Community developers added some code to speed up freezing when
read-only workloads are still running, refactored the logging code,
added checks to prevent file extent counter overflow, reduced iolock
cycling to speed up fsync and gc scans, and started the slow march
towards supporting filesystem shrinking.
There's a huge refactoring of the internal speculative preallocation
garbage collection code which fixes a bunch of bugs, makes the gc
scheduling per-AG and hence multithreaded, and standardizes the retry
logic when we try to reserve space or quota, can't, and want to
trigger a gc scan. We also enable multithreaded quotacheck to reduce
mount times further. This is also preparation for background file gc,
which may or may not land for 5.13.
We also fixed some deadlocks in the rename code, fixed a quota
accounting leak when FSSETXATTR fails, restored the behavior that
write faults to an mmap'd region actually cause a SIGBUS, fixed a bug
where sgid directory inheritance wasn't quite working properly, and
fixed a bug where symlinks weren't working properly in ecryptfs. We
also now advertise the inode btree counters feature that was
introduced two cycles ago.
Summary:
- Fix an ABBA deadlock when renaming files on overlayfs.

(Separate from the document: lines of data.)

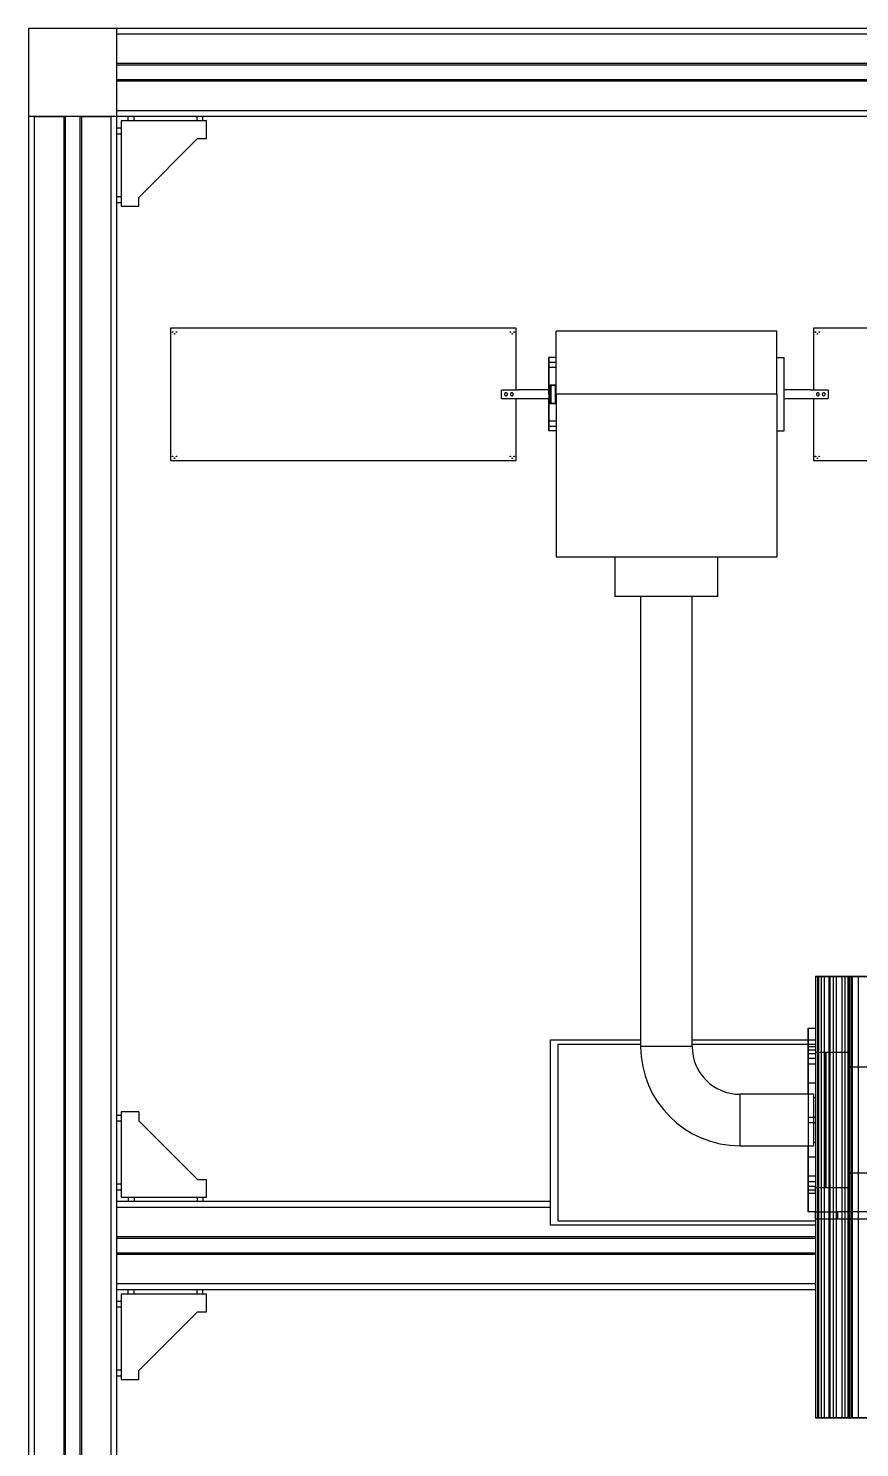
# Model space of a CAD drawing. Header units: millimetres. Extents: x 15 to 836, y 5 to 831.
# Drawn here: x 584.7 to 697.7, y 206.4 to 399.5 of the extents above; entities that cross this region are included whole.
import ezdxf

# ---------------------------------------------------------------- set-up
doc = ezdxf.new("R2010")
doc.units = ezdxf.units.MM

msp = doc.modelspace()

# ---------------------------------------------------------------- linework, layer by layer
at = {"color": 7, "linetype": 'Continuous', "lineweight": 25}
for p, q in [((596.67, 399.51), (584.67, 399.51)), ((584.67, 399.51), (584.67, 387.51)), ((596.67, 399.51), (596.67, 387.51)), ((756.67, 399.51), (596.67, 399.51)), ((756.67, 398.71), (596.67, 398.71)), ((596.67, 398.71), (596.67, 394.71)), ((756.67, 394.71), (596.67, 394.71)), ((756.67, 394.51), (596.67, 394.51)), ((756.67, 392.51), (596.67, 392.51)), ((596.67, 392.31), (596.67, 388.31)), ((756.67, 392.31), (596.67, 392.31)), ((756.67, 388.31), (596.67, 388.31)), ((596.67, 387.51), (584.67, 387.51)), ((584.67, 387.51), (584.67, 87.51)), ((585.47, 387.51), (585.47, 87.51)), ((585.47, 387.51), (589.47, 387.51)), ((589.47, 387.51), (589.47, 87.51)), ((589.67, 387.51), (589.67, 87.51)), ((591.67, 387.51), (591.67, 87.51)), ((591.87, 387.51), (591.87, 87.51)), ((591.87, 387.51), (595.87, 387.51)), ((595.87, 387.51), (595.87, 87.51)), ((756.67, 387.51), (596.67, 387.51)), ((596.67, 387.51), (596.67, 87.51)), ((597.27, 386.91), (597.27, 375.31)), ((608.87, 386.91), (597.27, 386.91)), ((598.25, 386.91), (598.25, 387.51)), ((599.05, 386.91), (599.05, 387.51)), ((607.6, 386.91), (607.6, 387.51)), ((608.4, 386.91), (608.4, 387.51)), ((608.87, 384.51), (608.87, 386.91)), ((597.27, 385.93), (596.67, 385.93)), ((597.27, 385.13), (596.67, 385.13)), ((599.67, 376.51), (607.67, 384.51)), ((607.67, 384.51), (608.87, 384.51)), ((597.27, 376.58), (596.67, 376.58)), ((599.67, 375.31), (599.67, 376.51)), ((597.27, 375.78), (596.67, 375.78)), ((597.27, 375.31), (599.67, 375.31)), ((604, 358.74), (604, 340.74)), ((651, 358.74), (604, 358.74)), ((651, 350.3), (651, 358.74)), ((656.41, 349.74), (656.41, 358.34)), ((686.41, 358.34), (656.41, 358.34)), ((686.41, 349.74), (686.41, 358.34)), ((691.4, 358.74), (691.4, 350.3)), ((738.4, 358.74), (691.4, 358.74)), ((655.41, 354.74), (655.41, 344.74)), ((656.41, 354.74), (655.41, 354.74)), ((655.41, 350.34), (655.41, 354.74)), ((656.41, 354.07), (655.41, 354.07)), ((656.41, 354.07), (655.41, 354.07)), ((655.41, 353.41), (655.41, 354.07)), ((655.41, 353.41), (655.41, 354.07)), ((655.41, 353.41), (656.41, 353.41)), ((655.41, 353.41), (656.41, 353.41)), ((686.41, 354.74), (687.41, 354.74)), ((687.41, 344.74), (687.41, 354.74)), ((649, 349.17), (649, 350.3)), ((651.4, 350.3), (649, 350.3)), ((655.61, 350.34), (651.4, 350.34)), ((651.4, 350.34), (651.4, 350.3)), ((655.61, 350.54), (655.41, 350.54)), ((655.41, 349.74), (655.41, 350.54)), ((655.41, 349.74), (655.41, 348.94)), ((656.41, 350.99), (655.61, 350.99)), ((655.61, 349.74), (655.61, 350.98)), ((655.61, 349.74), (655.61, 350.84)), ((655.61, 348.64), (655.61, 349.74)), ((655.61, 349.74), (655.61, 348.5)), ((656.31, 350.94), (655.71, 350.94)), ((655.71, 350.94), (655.71, 349.74)), ((655.71, 349.74), (655.71, 348.54)), ((656.31, 349.74), (656.31, 350.94)), ((656.31, 348.54), (656.31, 349.74)), ((686.41, 349.74), (656.41, 349.74)), ((656.41, 349.74), (656.41, 327.61)), ((686.41, 349.74), (686.41, 327.61)), ((691, 350.34), (687.41, 350.34)), ((691, 350.3), (691, 350.34)), ((693.4, 350.3), (691, 350.3)), ((693.4, 350.3), (693.4, 349.17)), ((649, 349.17), (651.4, 349.17)), ((651, 340.74), (651, 349.17)), ((651.4, 349.17), (651.4, 349.14)), ((651.4, 349.14), (655.61, 349.14)), ((655.41, 344.74), (655.41, 349.14)), ((655.41, 348.94), (655.61, 348.94)), ((655.61, 348.49), (656.41, 348.49)), ((655.71, 348.54), (656.31, 348.54)), ((687.41, 349.14), (691, 349.14)), ((691, 349.17), (693.4, 349.17)), ((691, 349.14), (691, 349.17)), ((691.4, 349.17), (691.4, 340.74)), ((656.41, 346.07), (655.41, 346.07)), ((656.41, 346.07), (655.41, 346.07)), ((655.41, 345.41), (655.41, 346.07)), ((655.41, 345.41), (655.41, 346.07)), ((655.41, 345.41), (656.41, 345.41)), ((655.41, 345.41), (656.41, 345.41)), ((656.41, 344.74), (655.41, 344.74)), ((686.41, 344.74), (687.41, 344.74)), ((604, 340.74), (651, 340.74)), ((691.4, 340.74), (738.4, 340.74)), ((656.41, 327.61), (686.41, 327.61)), ((664.41, 327.61), (664.41, 322.21)), ((678.41, 322.21), (678.41, 327.61)), ((678.41, 322.21), (664.41, 322.21)), ((667.91, 322.21), (667.91, 261.01)), ((674.91, 261.01), (674.91, 322.21)), ((691.67, 270.51), (692.47, 270.51)), ((691.67, 270.51), (691.67, 210.51)), ((691.97, 270.51), (691.67, 270.51)), ((692.47, 270.51), (691.67, 270.51)), ((691.67, 270.51), (691.67, 260.21)), ((691.67, 270.51), (692.47, 270.51)), ((691.97, 270.51), (691.97, 210.51)), ((692.87, 270.51), (691.97, 270.51)), ((692.07, 270.51), (695.27, 270.51)), ((692.07, 270.51), (692.07, 210.51)), ((693.64, 270.51), (692.07, 270.51)), ((692.47, 270.51), (696.47, 270.51)), ((692.47, 270.51), (692.47, 210.51)), ((692.47, 270.51), (692.47, 260.21)), ((692.87, 270.51), (692.87, 210.51)), ((693.47, 270.51), (692.87, 270.51)), ((694.07, 270.51), (693.47, 270.51)), ((693.47, 270.51), (693.47, 210.51)), ((693.64, 270.51), (693.64, 210.51)), ((694.47, 270.51), (693.64, 270.51)), ((694.07, 270.51), (694.07, 210.51)), ((694.47, 270.51), (694.47, 210.51)), ((695.68, 270.51), (694.47, 270.51)), ((695.27, 270.51), (695.27, 210.51)), ((695.27, 270.51), (696.11, 270.51)), ((696.67, 270.51), (695.67, 270.51)), ((695.67, 270.51), (695.67, 210.51)), ((695.67, 270.51), (696.27, 270.51)), ((697.47, 270.51), (695.68, 270.51)), ((695.68, 270.51), (695.68, 210.51)), ((695.68, 270.51), (697.47, 270.51)), ((696.07, 270.51), (696.07, 210.51)), ((699.27, 270.51), (696.08, 270.51)), ((696.11, 270.51), (696.11, 210.51)), ((696.11, 270.51), (697.47, 270.51)), ((696.27, 270.51), (696.27, 210.51)), ((696.27, 270.51), (699.07, 270.51)), ((696.47, 270.51), (696.47, 210.51)), ((696.47, 270.51), (696.67, 270.51)), ((696.47, 270.51), (696.47, 258.21)), ((696.67, 270.51), (696.67, 210.51)), ((696.67, 270.51), (696.67, 258.21)), ((696.67, 270.51), (698.67, 270.51)), ((697.47, 270.51), (697.47, 210.51)), ((690.67, 260.51), (690.67, 263.51)), ((690.67, 263.51), (691.67, 263.51)), ((690.67, 263.51), (690.67, 260.51)), ((691.67, 263.51), (691.67, 260.51)), ((655.67, 236.71), (655.67, 261.91)), ((655.67, 261.91), (667.91, 261.91)), ((656.67, 261.31), (656.67, 237.31)), ((656.67, 261.31), (667.91, 261.31)), ((674.91, 261.01), (667.91, 261.01)), ((674.91, 261.91), (691.67, 261.91)), ((674.91, 261.31), (691.67, 261.31)), ((691.67, 260.95), (690.67, 260.95)), ((691.67, 260.95), (690.67, 260.95)), ((690.67, 260.95), (690.67, 260.07)), ((690.67, 260.07), (690.67, 260.95)), ((691.67, 260.95), (691.67, 260.07)), ((690.67, 260.51), (690.67, 241.51)), ((691.67, 260.51), (690.67, 260.51)), ((690.67, 254.51), (690.67, 260.51)), ((690.67, 260.07), (691.67, 260.07)), ((690.67, 260.07), (691.67, 260.07)), ((691.67, 259.37), (690.67, 259.37)), ((690.67, 259.37), (690.67, 258.65)), ((691.67, 260.51), (691.67, 241.51)), ((693.07, 260.21), (691.67, 260.21)), ((691.67, 260.21), (691.67, 247.49)), ((696.27, 260.21), (693.07, 260.21)), ((693.07, 241.81), (693.07, 260.21)), ((693.07, 260.21), (693.07, 247.49)), ((696.27, 241.81), (696.27, 260.21)), ((690.67, 258.65), (691.67, 258.65)), ((721.47, 258.21), (696.27, 258.21)), ((691.67, 256.01), (690.67, 256.01)), ((690.67, 256.01), (690.67, 246.02)), ((690.67, 254.51), (690.67, 256.01)), ((691.41, 254.51), (681.41, 254.51)), ((681.41, 254.51), (681.41, 247.51)), ((691.41, 254.51), (691.41, 247.51)), ((691.67, 254.01), (691.41, 254.01)), ((597.27, 251.63), (596.67, 251.63)), ((597.27, 252.11), (597.27, 240.51)), ((599.67, 252.11), (597.27, 252.11)), ((599.67, 252.11), (599.67, 250.91)), ((691.67, 251.37), (690.67, 251.37)), ((690.67, 251.37), (690.67, 250.65)), ((597.27, 250.83), (596.67, 250.83)), ((599.67, 250.91), (607.67, 242.91)), ((690.67, 250.65), (691.67, 250.65)), ((681.41, 247.51), (691.41, 247.51)), ((690.67, 241.51), (690.67, 247.51)), ((691.41, 248.01), (691.67, 248.01)), ((691.67, 247.49), (691.67, 241.81)), ((693.07, 247.49), (693.07, 241.81)), ((690.67, 246.01), (691.67, 246.01)), ((691.67, 243.37), (690.67, 243.37)), ((690.67, 243.37), (690.67, 242.65)), ((696.27, 243.81), (698.67, 243.81)), ((696.47, 243.81), (696.47, 238.51)), ((696.67, 243.81), (696.67, 238.51)), ((597.27, 242.28), (596.67, 242.28)), ((597.27, 241.48), (596.67, 241.48)), ((607.67, 242.91), (608.87, 242.91)), ((608.87, 240.51), (608.87, 242.91)), ((690.67, 242.65), (691.67, 242.65)), ((691.67, 241.95), (690.67, 241.95)), ((691.67, 241.95), (690.67, 241.95)), ((690.67, 241.07), (690.67, 241.95)), ((690.67, 241.95), (690.67, 241.07)), ((690.67, 241.51), (691.67, 241.51)), ((690.67, 238.51), (690.67, 241.51)), ((690.67, 241.51), (690.67, 238.51)), ((691.67, 241.07), (691.67, 241.95)), ((691.67, 241.81), (693.07, 241.81)), ((691.67, 241.81), (691.67, 238.51)), ((691.67, 241.51), (691.67, 238.51)), ((692.47, 241.81), (692.47, 238.51)), ((693.07, 241.81), (696.27, 241.81)), ((655.67, 239.91), (596.67, 239.91)), ((597.27, 240.51), (608.87, 240.51)), ((598.25, 240.51), (598.25, 239.91)), ((599.05, 240.51), (599.05, 239.91)), ((607.6, 240.51), (607.6, 239.91)), ((608.4, 240.51), (608.4, 239.91)), ((690.67, 241.07), (691.67, 241.07)), ((690.67, 241.07), (691.67, 241.07)), ((655.67, 239.11), (596.67, 239.11)), ((691.67, 238.51), (690.67, 238.51)), ((691.67, 237.51), (691.67, 238.51)), ((691.67, 238.51), (694.67, 238.51)), ((694.67, 237.51), (691.67, 237.51)), ((691.67, 237.51), (691.67, 210.51)), ((692.47, 237.51), (692.47, 210.51)), ((694.67, 238.51), (694.67, 237.51)), ((703.67, 238.51), (694.67, 238.51)), ((703.67, 237.51), (694.67, 237.51)), ((696.47, 237.51), (696.47, 210.51)), ((696.67, 237.51), (696.67, 210.51)), ((691.67, 236.71), (655.67, 236.71)), ((656.67, 237.31), (691.67, 237.31)), ((691.67, 235.11), (596.67, 235.11)), ((691.67, 234.91), (596.67, 234.91)), ((691.67, 232.91), (596.67, 232.91)), ((691.67, 232.71), (596.67, 232.71)), ((691.67, 228.71), (596.67, 228.71)), ((691.67, 227.91), (596.67, 227.91)), ((598.25, 227.31), (598.25, 227.91)), ((599.05, 227.31), (599.05, 227.91)), ((607.6, 227.31), (607.6, 227.91)), ((608.4, 227.31), (608.4, 227.91)), ((597.27, 226.33), (596.67, 226.33)), ((597.27, 227.31), (597.27, 215.71)), ((608.87, 227.31), (597.27, 227.31)), ((608.87, 224.91), (608.87, 227.31)), ((597.27, 225.53), (596.67, 225.53)), ((599.67, 216.91), (607.67, 224.91)), ((607.67, 224.91), (608.87, 224.91)), ((597.27, 216.98), (596.67, 216.98)), ((599.67, 215.71), (599.67, 216.91)), ((597.27, 216.18), (596.67, 216.18)), ((597.27, 215.71), (599.67, 215.71)), ((691.67, 210.51), (692.47, 210.51)), ((691.97, 210.51), (691.67, 210.51)), ((692.47, 210.51), (691.67, 210.51)), ((691.67, 210.51), (692.47, 210.51)), ((692.87, 210.51), (691.97, 210.51)), ((692.07, 210.51), (695.27, 210.51)), ((693.64, 210.51), (692.07, 210.51)), ((692.47, 210.51), (696.47, 210.51)), ((693.47, 210.51), (692.87, 210.51)), ((694.07, 210.51), (693.47, 210.51)), ((694.47, 210.51), (693.64, 210.51)), ((695.68, 210.51), (694.47, 210.51)), ((695.27, 210.51), (696.11, 210.51)), ((696.67, 210.51), (695.67, 210.51)), ((695.67, 210.51), (696.27, 210.51)), ((697.47, 210.51), (695.68, 210.51)), ((695.68, 210.51), (697.47, 210.51)), ((699.27, 210.51), (696.08, 210.51)), ((696.11, 210.51), (697.47, 210.51)), ((696.27, 210.51), (699.07, 210.51)), ((696.47, 210.51), (696.67, 210.51)), ((696.67, 210.51), (698.67, 210.51))]:
    msp.add_line(p, q, dxfattribs=at)
for centre in [(604.28, 358.2), (604.54, 357.94), (604.79, 358.2), (650.2, 358.2), (650.46, 357.94), (650.71, 358.2), (691.68, 358.2), (691.94, 357.94), (692.19, 358.2), (604.28, 341.28), (604.54, 341.02), (604.79, 341.28), (650.2, 341.28), (650.46, 341.02), (650.71, 341.28), (691.68, 341.28), (691.94, 341.02), (692.19, 341.28)]:
    msp.add_circle(centre, 0.045, dxfattribs=at)
for centre, radius, start, end in [((655.71, 350.84), 0.1, 90, 180), ((656.31, 350.84), 0.1, 0, 90), ((655.71, 348.64), 0.1, 180, 270), ((656.31, 348.64), 0.1, 270, 0), ((681.41, 261.01), 13.5, 180, 270), ((681.41, 261.01), 6.5, 180, 270)]:
    msp.add_arc(centre, radius, start, end, dxfattribs=at)
for points, knots in [([(649.4, 349.74), (649.4, 349.76), (649.4, 349.8), (649.44, 349.86), (649.48, 349.91), (649.55, 349.93), (649.62, 349.94), (649.68, 349.92), (649.73, 349.89), (649.78, 349.84), (649.8, 349.77), (649.8, 349.7), (649.78, 349.64), (649.74, 349.59), (649.68, 349.55), (649.61, 349.53), (649.55, 349.54), (649.49, 349.57), (649.44, 349.61), (649.4, 349.67), (649.4, 349.72), (649.4, 349.74)], [0, 0, 0, 0, 0.051721, 0.103381, 0.156663, 0.211449, 0.264367, 0.314887, 0.366242, 0.420274, 0.474812, 0.526979, 0.577655, 0.629681, 0.684062, 0.738299, 0.78975, 0.840251, 0.892967, 0.947713, 1, 1, 1, 1]), ([(650.2, 349.74), (650.2, 349.76), (650.2, 349.8), (650.24, 349.86), (650.28, 349.91), (650.35, 349.93), (650.42, 349.94), (650.48, 349.92), (650.53, 349.89), (650.58, 349.84), (650.6, 349.77), (650.6, 349.7), (650.58, 349.64), (650.54, 349.59), (650.48, 349.55), (650.41, 349.53), (650.35, 349.54), (650.29, 349.57), (650.24, 349.61), (650.2, 349.67), (650.2, 349.72), (650.2, 349.74)], [0, 0, 0, 0, 0.0517213, 0.1033808, 0.1566628, 0.2114489, 0.264367, 0.3148865, 0.3662422, 0.4202737, 0.4748118, 0.526979, 0.577655, 0.6296814, 0.6840622, 0.7382989, 0.7897503, 0.840251, 0.8929667, 0.9477134, 1, 1, 1, 1]), ([(691.8, 349.74), (691.8, 349.76), (691.8, 349.8), (691.84, 349.86), (691.88, 349.91), (691.95, 349.93), (692.02, 349.94), (692.08, 349.92), (692.13, 349.89), (692.18, 349.84), (692.2, 349.77), (692.2, 349.7), (692.18, 349.64), (692.14, 349.59), (692.08, 349.55), (692.01, 349.53), (691.95, 349.54), (691.89, 349.57), (691.84, 349.61), (691.8, 349.67), (691.8, 349.72), (691.8, 349.74)], [0, 0, 0, 0, 0.051721, 0.103381, 0.156663, 0.211449, 0.264367, 0.314887, 0.366242, 0.420274, 0.474812, 0.526979, 0.577655, 0.629681, 0.684062, 0.738299, 0.78975, 0.840251, 0.892967, 0.947713, 1, 1, 1, 1]), ([(692.6, 349.74), (692.6, 349.76), (692.6, 349.8), (692.64, 349.86), (692.68, 349.91), (692.75, 349.93), (692.82, 349.94), (692.88, 349.92), (692.93, 349.89), (692.98, 349.84), (693, 349.77), (693, 349.7), (692.98, 349.64), (692.94, 349.59), (692.88, 349.55), (692.81, 349.53), (692.75, 349.54), (692.69, 349.57), (692.64, 349.61), (692.6, 349.67), (692.6, 349.72), (692.6, 349.74)], [0, 0, 0, 0, 0.051721, 0.103381, 0.156663, 0.211449, 0.264367, 0.314887, 0.366242, 0.420274, 0.474812, 0.526979, 0.577655, 0.629681, 0.684062, 0.738299, 0.78975, 0.840251, 0.892967, 0.947713, 1, 1, 1, 1])]:
    msp.add_open_spline(points, degree=3, knots=knots, dxfattribs=at)

doc.saveas('drawing.dxf')

- Make sure that we can't overflow the inode extent counters when
adding to or removing extents from a file.
- Make directory sgid inheritance work the same way as all the other
filesystems.
- Don't drain the buffer cache on freeze and ro remount, which should
reduce the amount of time if read-only workloads are continuing
during the freeze.
- Fix a bug where symlink size isn't reported to the vfs in ecryptfs.
- Disentangle log cleaning from log covering. This refactoring sets
us up for future changes to the log, though for now it simply means
that we can use covering for freezes, and cleaning becomes
something we only do at unmount.
- Speed up file fsyncs by reducing iolock cycling.
- Fix delalloc blocks leaking when changing the project id fails
because of input validation errors in FSSETXATTR.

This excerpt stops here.